Warum reine KI ohne Polycrate-Kontext an Grenzen stößt

KI-Assistenten sind stark bei allgemeinen Ansible- oder YAML-Fragen – aber schwach, wenn es um Ihre Plattform-Standards, freigegebene Blöcke im Hub und korrekte *.poly-Strukturen geht. Ohne Zugriff auf aktuelle Dokumentation und Hub-Daten raten Modelle leicht daneben.

Polycrate MCP füllt genau diese Lücke: kuratierte Quellen (Hub, Docs, eingebettete Guides und Schemas) statt nur „Internetwissen“.

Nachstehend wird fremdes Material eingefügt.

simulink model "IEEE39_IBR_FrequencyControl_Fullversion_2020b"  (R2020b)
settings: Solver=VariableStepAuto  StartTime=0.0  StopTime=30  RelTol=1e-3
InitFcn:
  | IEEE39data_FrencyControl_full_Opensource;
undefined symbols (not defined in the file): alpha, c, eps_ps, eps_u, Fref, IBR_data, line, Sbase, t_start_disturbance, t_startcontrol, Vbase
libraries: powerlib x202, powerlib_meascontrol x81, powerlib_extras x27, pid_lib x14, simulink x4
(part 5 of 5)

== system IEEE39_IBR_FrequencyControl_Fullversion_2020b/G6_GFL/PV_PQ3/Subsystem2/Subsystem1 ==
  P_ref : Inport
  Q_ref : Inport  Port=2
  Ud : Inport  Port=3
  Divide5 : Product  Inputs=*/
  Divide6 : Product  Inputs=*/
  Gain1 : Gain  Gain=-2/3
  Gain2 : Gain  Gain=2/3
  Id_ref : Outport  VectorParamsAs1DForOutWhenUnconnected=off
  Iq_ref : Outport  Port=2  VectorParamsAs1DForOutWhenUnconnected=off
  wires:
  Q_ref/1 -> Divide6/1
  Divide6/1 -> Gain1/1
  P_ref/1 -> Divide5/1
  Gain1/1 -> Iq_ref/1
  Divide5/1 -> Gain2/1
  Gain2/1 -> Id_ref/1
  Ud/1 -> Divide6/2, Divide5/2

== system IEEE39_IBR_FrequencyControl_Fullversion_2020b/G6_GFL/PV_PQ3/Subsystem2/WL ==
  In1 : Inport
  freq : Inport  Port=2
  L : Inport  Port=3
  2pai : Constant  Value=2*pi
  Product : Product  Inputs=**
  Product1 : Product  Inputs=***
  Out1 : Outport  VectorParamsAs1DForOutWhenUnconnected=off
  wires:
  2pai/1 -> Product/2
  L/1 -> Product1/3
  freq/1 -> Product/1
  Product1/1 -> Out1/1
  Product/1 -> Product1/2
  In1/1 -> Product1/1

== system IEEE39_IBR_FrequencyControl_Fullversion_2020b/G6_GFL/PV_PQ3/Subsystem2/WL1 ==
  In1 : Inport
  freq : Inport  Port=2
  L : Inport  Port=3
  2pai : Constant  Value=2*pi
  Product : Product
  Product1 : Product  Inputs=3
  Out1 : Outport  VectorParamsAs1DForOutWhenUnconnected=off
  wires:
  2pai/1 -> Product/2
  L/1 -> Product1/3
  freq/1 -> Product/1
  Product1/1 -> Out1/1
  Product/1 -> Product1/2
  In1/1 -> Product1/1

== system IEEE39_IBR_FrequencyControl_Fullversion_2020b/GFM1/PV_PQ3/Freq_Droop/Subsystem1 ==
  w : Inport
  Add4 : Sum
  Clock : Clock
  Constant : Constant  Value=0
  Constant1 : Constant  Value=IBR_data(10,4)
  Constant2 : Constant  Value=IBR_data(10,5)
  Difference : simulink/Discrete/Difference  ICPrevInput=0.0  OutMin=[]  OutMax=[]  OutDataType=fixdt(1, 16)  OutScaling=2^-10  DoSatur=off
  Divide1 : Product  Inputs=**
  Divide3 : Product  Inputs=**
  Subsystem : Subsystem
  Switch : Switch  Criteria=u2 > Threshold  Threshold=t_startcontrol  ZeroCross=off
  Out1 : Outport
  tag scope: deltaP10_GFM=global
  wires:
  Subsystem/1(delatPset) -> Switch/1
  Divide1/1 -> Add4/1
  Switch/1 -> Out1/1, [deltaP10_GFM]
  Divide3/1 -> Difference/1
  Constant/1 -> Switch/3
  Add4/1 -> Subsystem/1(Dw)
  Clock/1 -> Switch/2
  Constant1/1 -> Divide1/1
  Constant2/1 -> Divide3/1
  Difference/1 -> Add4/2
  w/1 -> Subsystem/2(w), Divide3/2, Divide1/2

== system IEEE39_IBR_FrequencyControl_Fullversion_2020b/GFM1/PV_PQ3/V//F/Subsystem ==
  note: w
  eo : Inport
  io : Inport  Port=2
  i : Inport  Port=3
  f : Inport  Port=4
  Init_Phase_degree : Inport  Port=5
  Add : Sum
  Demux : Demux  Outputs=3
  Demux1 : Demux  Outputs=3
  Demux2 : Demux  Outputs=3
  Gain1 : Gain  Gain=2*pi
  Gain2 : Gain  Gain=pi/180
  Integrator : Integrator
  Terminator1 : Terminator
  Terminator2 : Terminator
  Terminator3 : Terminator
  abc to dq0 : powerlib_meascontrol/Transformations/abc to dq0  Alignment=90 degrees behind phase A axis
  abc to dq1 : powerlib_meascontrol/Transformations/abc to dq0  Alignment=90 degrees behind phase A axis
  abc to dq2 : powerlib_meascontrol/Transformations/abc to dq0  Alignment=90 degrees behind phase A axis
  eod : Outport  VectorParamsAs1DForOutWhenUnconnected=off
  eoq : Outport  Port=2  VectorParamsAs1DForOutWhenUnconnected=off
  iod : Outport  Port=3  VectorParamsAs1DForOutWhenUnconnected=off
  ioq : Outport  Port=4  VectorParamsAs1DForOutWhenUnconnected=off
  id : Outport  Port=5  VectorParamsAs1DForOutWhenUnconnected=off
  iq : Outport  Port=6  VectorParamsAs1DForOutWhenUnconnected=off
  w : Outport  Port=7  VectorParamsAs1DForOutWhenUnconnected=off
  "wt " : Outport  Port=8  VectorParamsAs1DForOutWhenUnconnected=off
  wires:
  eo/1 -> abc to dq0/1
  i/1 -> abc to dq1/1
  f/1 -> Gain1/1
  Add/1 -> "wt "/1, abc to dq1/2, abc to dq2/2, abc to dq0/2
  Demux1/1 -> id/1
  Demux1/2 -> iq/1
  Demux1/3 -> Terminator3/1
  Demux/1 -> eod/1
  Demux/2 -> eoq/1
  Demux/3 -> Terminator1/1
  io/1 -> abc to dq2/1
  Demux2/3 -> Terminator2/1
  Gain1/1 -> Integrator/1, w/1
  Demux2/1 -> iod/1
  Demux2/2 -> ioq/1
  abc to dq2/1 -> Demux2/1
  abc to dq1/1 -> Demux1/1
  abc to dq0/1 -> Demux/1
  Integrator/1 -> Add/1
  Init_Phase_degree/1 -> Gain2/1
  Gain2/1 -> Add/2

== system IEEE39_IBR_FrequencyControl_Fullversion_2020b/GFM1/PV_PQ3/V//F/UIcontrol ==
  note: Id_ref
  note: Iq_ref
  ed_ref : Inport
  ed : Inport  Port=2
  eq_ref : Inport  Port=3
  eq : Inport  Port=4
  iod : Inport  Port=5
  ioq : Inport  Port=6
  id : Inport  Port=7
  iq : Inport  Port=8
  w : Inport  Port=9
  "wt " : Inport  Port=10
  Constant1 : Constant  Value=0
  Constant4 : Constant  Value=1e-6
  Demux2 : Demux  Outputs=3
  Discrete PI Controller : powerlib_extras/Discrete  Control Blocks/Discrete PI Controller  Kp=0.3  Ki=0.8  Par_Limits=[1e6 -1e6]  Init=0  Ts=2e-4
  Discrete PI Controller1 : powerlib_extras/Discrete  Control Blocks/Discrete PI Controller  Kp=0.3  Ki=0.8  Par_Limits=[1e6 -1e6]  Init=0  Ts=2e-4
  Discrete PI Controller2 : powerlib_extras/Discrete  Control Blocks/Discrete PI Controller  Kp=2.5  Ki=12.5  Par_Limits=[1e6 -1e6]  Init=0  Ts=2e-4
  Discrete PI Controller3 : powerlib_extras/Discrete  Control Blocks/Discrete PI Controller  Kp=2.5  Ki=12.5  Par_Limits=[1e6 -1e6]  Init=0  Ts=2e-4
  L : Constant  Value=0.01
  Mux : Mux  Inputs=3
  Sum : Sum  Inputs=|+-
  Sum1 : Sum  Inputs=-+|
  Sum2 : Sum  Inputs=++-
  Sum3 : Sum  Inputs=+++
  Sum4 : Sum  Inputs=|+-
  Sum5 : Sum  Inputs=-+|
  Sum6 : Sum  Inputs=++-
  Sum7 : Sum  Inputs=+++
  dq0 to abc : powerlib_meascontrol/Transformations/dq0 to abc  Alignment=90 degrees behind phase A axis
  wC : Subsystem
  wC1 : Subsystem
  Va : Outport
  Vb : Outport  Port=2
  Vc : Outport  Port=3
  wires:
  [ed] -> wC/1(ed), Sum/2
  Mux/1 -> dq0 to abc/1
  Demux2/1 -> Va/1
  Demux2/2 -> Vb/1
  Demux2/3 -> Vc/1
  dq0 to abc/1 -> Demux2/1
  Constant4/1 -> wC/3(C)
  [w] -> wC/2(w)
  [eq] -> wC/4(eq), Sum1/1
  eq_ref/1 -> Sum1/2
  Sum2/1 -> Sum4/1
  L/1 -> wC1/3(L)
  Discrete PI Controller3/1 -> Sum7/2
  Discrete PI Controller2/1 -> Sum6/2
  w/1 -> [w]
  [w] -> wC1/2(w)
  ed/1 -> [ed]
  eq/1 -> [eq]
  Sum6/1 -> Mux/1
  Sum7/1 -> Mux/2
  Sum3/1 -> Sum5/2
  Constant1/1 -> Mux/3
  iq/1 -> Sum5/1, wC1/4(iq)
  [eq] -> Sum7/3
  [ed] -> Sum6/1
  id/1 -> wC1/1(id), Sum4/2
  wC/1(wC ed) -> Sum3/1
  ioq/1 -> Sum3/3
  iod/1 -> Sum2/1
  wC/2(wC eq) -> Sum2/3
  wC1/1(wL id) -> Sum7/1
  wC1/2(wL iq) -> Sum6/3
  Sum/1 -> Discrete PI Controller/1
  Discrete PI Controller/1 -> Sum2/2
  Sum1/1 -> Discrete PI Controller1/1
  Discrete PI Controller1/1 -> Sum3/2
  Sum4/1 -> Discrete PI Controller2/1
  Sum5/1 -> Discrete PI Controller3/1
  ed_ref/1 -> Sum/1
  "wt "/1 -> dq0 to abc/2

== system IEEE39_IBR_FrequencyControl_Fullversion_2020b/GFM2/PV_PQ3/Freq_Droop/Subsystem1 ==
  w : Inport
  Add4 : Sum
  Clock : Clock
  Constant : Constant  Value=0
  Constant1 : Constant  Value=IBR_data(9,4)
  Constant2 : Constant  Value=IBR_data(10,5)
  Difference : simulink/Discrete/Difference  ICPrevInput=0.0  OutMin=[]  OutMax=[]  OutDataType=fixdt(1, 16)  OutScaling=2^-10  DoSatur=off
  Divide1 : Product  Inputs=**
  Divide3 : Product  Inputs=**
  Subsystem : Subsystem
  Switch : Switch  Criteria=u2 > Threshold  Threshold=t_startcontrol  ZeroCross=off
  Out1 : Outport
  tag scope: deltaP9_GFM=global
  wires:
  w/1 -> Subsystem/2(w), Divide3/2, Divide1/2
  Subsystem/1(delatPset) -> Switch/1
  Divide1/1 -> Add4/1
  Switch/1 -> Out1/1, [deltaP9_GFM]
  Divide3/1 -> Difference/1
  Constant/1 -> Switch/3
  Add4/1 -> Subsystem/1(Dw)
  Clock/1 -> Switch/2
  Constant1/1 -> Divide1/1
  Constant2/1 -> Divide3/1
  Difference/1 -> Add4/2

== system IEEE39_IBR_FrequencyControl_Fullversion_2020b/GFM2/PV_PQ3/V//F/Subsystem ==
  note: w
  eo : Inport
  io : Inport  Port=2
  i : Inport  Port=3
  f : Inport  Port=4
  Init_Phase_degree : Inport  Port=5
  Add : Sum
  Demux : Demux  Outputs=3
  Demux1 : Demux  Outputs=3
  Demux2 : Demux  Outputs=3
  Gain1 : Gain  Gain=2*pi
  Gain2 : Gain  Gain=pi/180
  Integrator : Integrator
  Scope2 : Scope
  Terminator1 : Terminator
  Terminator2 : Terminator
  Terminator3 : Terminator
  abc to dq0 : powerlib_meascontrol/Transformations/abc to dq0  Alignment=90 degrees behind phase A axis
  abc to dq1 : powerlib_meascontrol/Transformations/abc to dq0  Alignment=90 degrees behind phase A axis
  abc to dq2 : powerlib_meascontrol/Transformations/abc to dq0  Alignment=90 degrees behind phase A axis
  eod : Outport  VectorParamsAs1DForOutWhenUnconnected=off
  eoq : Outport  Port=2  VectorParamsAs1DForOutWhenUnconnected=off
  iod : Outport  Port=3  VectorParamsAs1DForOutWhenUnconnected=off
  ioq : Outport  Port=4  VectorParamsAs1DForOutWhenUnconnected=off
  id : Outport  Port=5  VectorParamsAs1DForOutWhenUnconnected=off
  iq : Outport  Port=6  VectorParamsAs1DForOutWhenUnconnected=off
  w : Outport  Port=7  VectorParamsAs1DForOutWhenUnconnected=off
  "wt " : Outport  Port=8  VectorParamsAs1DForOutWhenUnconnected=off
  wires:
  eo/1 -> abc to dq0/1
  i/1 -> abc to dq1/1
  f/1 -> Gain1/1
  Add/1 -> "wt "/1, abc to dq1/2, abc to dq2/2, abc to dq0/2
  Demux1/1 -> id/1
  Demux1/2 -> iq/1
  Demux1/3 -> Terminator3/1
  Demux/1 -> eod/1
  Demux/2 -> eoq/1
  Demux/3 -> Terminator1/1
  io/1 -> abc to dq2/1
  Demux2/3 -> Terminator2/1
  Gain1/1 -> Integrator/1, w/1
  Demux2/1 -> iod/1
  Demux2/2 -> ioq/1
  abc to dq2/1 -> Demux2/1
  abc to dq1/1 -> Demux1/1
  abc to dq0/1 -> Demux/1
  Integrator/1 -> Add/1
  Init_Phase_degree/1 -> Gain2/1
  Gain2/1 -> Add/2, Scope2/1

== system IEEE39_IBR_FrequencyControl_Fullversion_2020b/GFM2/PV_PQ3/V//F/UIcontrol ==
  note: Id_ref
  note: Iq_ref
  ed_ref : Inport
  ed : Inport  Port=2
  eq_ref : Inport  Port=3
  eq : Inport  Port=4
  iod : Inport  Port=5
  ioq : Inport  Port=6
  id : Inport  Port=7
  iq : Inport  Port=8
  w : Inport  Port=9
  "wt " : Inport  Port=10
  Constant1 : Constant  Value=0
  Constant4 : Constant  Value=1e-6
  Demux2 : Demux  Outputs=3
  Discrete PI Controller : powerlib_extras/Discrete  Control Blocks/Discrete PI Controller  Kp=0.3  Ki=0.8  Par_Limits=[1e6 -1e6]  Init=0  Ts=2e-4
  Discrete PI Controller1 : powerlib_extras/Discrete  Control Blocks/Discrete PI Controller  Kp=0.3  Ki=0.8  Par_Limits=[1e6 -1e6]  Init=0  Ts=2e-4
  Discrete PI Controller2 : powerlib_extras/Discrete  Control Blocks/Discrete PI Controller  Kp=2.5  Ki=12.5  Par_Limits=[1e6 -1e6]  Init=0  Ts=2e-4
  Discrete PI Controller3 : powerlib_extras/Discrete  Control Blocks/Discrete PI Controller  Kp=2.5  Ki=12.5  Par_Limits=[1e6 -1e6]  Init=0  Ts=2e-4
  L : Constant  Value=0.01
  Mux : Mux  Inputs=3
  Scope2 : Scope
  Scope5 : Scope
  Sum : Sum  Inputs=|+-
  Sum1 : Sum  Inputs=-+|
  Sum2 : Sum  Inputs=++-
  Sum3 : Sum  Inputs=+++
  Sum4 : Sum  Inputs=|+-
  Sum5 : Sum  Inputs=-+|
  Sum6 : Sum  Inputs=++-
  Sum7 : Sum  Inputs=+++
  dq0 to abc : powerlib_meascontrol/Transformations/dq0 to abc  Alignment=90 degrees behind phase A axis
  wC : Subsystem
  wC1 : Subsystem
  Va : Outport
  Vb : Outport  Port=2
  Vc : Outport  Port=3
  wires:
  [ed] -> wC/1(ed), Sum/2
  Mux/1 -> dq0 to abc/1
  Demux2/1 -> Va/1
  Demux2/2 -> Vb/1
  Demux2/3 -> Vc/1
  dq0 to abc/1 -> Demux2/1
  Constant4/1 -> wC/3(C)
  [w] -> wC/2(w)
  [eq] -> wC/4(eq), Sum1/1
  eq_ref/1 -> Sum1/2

Wie MCP technisch funktioniert (und was polycrate mcp tut)

Stdio-Prozess, kein Dauer-Server im Projektverzeichnis

Der Polycrate-MCP-Prozess kommuniziert per stdio (JSON-RPC). Typischer Ablauf:

  1. Sie tragen in Cursor, Claude Desktop oder VS Code / Copilot ein, dass der Befehl polycrate mit dem Argument mcp gestartet werden soll.
  2. Wenn die KI ein MCP-Tool braucht, startet der Client diesen Prozess, spricht mit ihm, und beendet die Sitzung wieder – Sie müssen keinen MCP-Prozess manuell in einem Terminal laufen lassen und nicht „ins Workspace-Verzeichnis wechseln“, damit MCP funktioniert (Polycrate muss nur im PATH liegen oder mit vollem Pfad konfiguriert sein).

Die offizielle Doku formuliert: Sie müssen den Server in der Regel nicht manuell starten – die Clients tun das anhand der Konfiguration. Siehe MCP Server Integration.

Was Polycrate MCP nicht ist

  • Kein Ersatz für Ihr Inventory oder Ihre Playbooks: Es gibt keine Tools, die „den gesamten Workspace“ wie ein Dateisystem exportieren.
  • Kein Kanal, über den polycrate run … aus der KI heraus ausgeführt wird – Ausführung bleibt bei Ihnen im Terminal (oder CI).

Welche Tools Polycrate bereitstellt

Die genaue Liste steht in der Dokumentation; kurz die Kategorien:

Kategorie Beispiele Zweck
Hub hub_info, hub_list_blocks, hub_inspect_block, hub_list_versions Blöcke im Hub finden, README/Metadaten, Versionen
CLI cli_get_latest_version, cli_list_versions, cli_get_artifacts Release-Infos, Download-URLs, Docker-Tags
Spec spec_workspace, spec_block, spec_changelog, spec_secrets Korrekte Struktur für *.poly-Dateien
Guides u. a. guide_create_workspace, guide_ansible_patterns, guide_registry_workflow, guide_debugging, guide_best_practices Eingebettete Best Practices für Assistenten
Dokumentation docs_get mit topic Abruf ausgewählter Seiten der Polycrate-Doku (konfigurierbare Basis-URL)

Für docs_get gibt es eine feste Liste von Topics (u. a. workspaces, blocke, best-practices, ansible, registry, mcp) – siehe die Tabelle in der MCP-Dokumentation.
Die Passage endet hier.